Collection entries
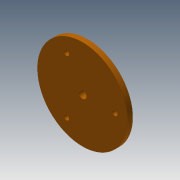
# Autodesk Inventor part: servo_paka_dolu
Saved by Autodesk Inventor 2015 (Build 190159000, 159)
## iProperties
Created: 2013-05-25
Part Number: servo_paka_dolu
Material: Generic
Document SubType Name: Modeling
Designer: idle-rug
Density: 1 g/cm^3
Appearance: Default
Author: idle-rug
Autodesk Inventor part; units mm, degrees
ref_plane "YZ Plane" through (0, 0, 0) normal (1, 0, 0) x (0, 1, 0)
ref_plane "XZ Plane" through (0, 0, 0) normal (0, 1, 0) x (-1, 0, 0)
ref_plane "XY Plane" through (0, 0, 0) normal (0, 0, 1) x (1, 0, 0)
sketch "Sketch1" plane through (0, 0, 0) normal (0, 1, 0) x (-1, 0, 0)
  circle A0 centre (0, 0) radius 17.5
  circle A1 centre (0, 0) radius 1.5
  dimension "d0" = 35
  dimension "d1" = 3
  constraints: 2 centre point, 2 coincident
  measures "d0" diameter of A0
  measures "d1" diameter of A1
extrude "Extrusion1" add sketch "Sketch1" along normal blind 2
sketch "Sketch2" plane through (0, 2, 0) normal (0, 1, 0) x (1, 0, 0)
  circle A0 centre (0, 0) radius 17.5 projected
  circle A1 centre (0, 0) radius 5
  dimension "d4" = 10
  constraints: 1 centre point, 1 coincident
  measures "d4" diameter of A1
extrude "Extrusion2" add sketch "Sketch2" along normal blind 3.8 contours A1
sketch "Sketch3" plane through (0, 5.8, 0) normal (0, 1, 0) x (1, 0, 0)
  circle A0 centre (0, 0) radius 5 projected
  circle A1 centre (0, 0) radius 3
  dimension "d7" = 6
  constraints: 1 centre point, 1 coincident
  measures "d7" diameter of A1
extrude "Extrusion3" cut sketch "Sketch3" against normal blind 3.8 contours A1
sketch "Sketch4" plane through (0, 0, 0) normal (0, -1, 0) x (1, 0, 0)
  circle A0 centre (0, 0) radius 17.5 projected
  circle A1 centre (12.5, 0) radius 1
  line L0 (0, 0) -> (-6.25, 10.8253)
  line L1 (0, 0) -> (12.5, 0) construction
  line L2 (0, 0) -> (-6.25, -10.8253)
  line L3 (0, 0) -> (12.5, 0) construction
  circle A2 centre (-6.25, 10.8253) radius 1
  circle A3 centre (-6.25, -10.8253) radius 1
  dimension "d11" = 2
  dimension "d12" = 120
  dimension "d13" = 120
  dimension "d14" = 2
  dimension "d15" = 2
  constraints: 8 end point, 3 centre point, 3 coincident, 2 equal length, 2 horizontal
  measures "d11" diameter of A1
  measures "d12" angle of L1 L0
  measures "d13" angle of L2 L3
  measures "d14" diameter of A2
  measures "d15" diameter of A3
extrude "Extrusion4" cut sketch "Sketch4" against normal blind 3.8 contours A1 | A2 | A3
body "Solid1"
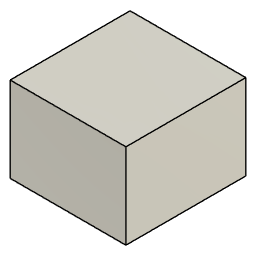
Printer-V1 (Autodesk Fusion 360 design; units mm, degrees)
Autodesk Fusion 360 part; units mm, degrees
sketch "Skizze1" plane through (0, 0, 0) normal (0, 0, 1) x (1, 0, 0)
  line L0 (-42.5691, 34.1396) -> (317.4309, 34.1396)
  line L1 (317.4309, 34.1396) -> (317.4309, -338.8604)
  line L2 (317.4309, -338.8604) -> (-42.5691, -338.8604)
  line L3 (-42.5691, -338.8604) -> (-42.5691, 34.1396)
  dimension "d1" = 360
  dimension "d2" = 373
  constraint horizontal L0
  constraint vertical L1
  constraint horizontal L2
  constraint vertical L3
  measures "d1" distance of L0.start L0.end
  measures "d2" distance of L0.start L2.end
extrude "Extrusion1" add sketch "Skizze1" along normal blind 265
named bodies: "printer"

- [Work to be completed]
Copy the records above exactly. The pictures are not part of the copy.

- [Output of the exercise]
# Autodesk Inventor part: servo_paka_dolu
Saved by Autodesk Inventor 2015 (Build 190159000, 159)
## iProperties
Created: 2013-05-25
Part Number: servo_paka_dolu
Material: Generic
Document SubType Name: Modeling
Designer: idle-rug
Density: 1 g/cm^3
Appearance: Default
Author: idle-rug
Autodesk Inventor part; units mm, degrees
ref_plane "YZ Plane" through (0, 0, 0) normal (1, 0, 0) x (0, 1, 0)
ref_plane "XZ Plane" through (0, 0, 0) normal (0, 1, 0) x (-1, 0, 0)
ref_plane "XY Plane" through (0, 0, 0) normal (0, 0, 1) x (1, 0, 0)
sketch "Sketch1" plane through (0, 0, 0) normal (0, 1, 0) x (-1, 0, 0)
  circle A0 centre (0, 0) radius 17.5
  circle A1 centre (0, 0) radius 1.5
  dimension "d0" = 35
  dimension "d1" = 3
  constraints: 2 centre point, 2 coincident
  measures "d0" diameter of A0
  measures "d1" diameter of A1
extrude "Extrusion1" add sketch "Sketch1" along normal blind 2
sketch "Sketch2" plane through (0, 2, 0) normal (0, 1, 0) x (1, 0, 0)
  circle A0 centre (0, 0) radius 17.5 projected
  circle A1 centre (0, 0) radius 5
  dimension "d4" = 10
  constraints: 1 centre point, 1 coincident
  measures "d4" diameter of A1
extrude "Extrusion2" add sketch "Sketch2" along normal blind 3.8 contours A1
sketch "Sketch3" plane through (0, 5.8, 0) normal (0, 1, 0) x (1, 0, 0)
  circle A0 centre (0, 0) radius 5 projected
  circle A1 centre (0, 0) radius 3
  dimension "d7" = 6
  constraints: 1 centre point, 1 coincident
  measures "d7" diameter of A1
extrude "Extrusion3" cut sketch "Sketch3" against normal blind 3.8 contours A1
sketch "Sketch4" plane through (0, 0, 0) normal (0, -1, 0) x (1, 0, 0)
  circle A0 centre (0, 0) radius 17.5 projected
  circle A1 centre (12.5, 0) radius 1
  line L0 (0, 0) -> (-6.25, 10.8253)
  line L1 (0, 0) -> (12.5, 0) construction
  line L2 (0, 0) -> (-6.25, -10.8253)
  line L3 (0, 0) -> (12.5, 0) construction
  circle A2 centre (-6.25, 10.8253) radius 1
  circle A3 centre (-6.25, -10.8253) radius 1
  dimension "d11" = 2
  dimension "d12" = 120
  dimension "d13" = 120
  dimension "d14" = 2
  dimension "d15" = 2
  constraints: 8 end point, 3 centre point, 3 coincident, 2 equal length, 2 horizontal
  measures "d11" diameter of A1
  measures "d12" angle of L1 L0
  measures "d13" angle of L2 L3
  measures "d14" diameter of A2
  measures "d15" diameter of A3
extrude "Extrusion4" cut sketch "Sketch4" against normal blind 3.8 contours A1 | A2 | A3
body "Solid1"
Printer-V1 (Autodesk Fusion 360 design; units mm, degrees)
Autodesk Fusion 360 part; units mm, degrees
sketch "Skizze1" plane through (0, 0, 0) normal (0, 0, 1) x (1, 0, 0)
  line L0 (-42.5691, 34.1396) -> (317.4309, 34.1396)
  line L1 (317.4309, 34.1396) -> (317.4309, -338.8604)
  line L2 (317.4309, -338.8604) -> (-42.5691, -338.8604)
  line L3 (-42.5691, -338.8604) -> (-42.5691, 34.1396)
  dimension "d1" = 360
  dimension "d2" = 373
  constraint horizontal L0
  constraint vertical L1
  constraint horizontal L2
  constraint vertical L3
  measures "d1" distance of L0.start L0.end
  measures "d2" distance of L0.start L2.end
extrude "Extrusion1" add sketch "Skizze1" along normal blind 265
named bodies: "printer"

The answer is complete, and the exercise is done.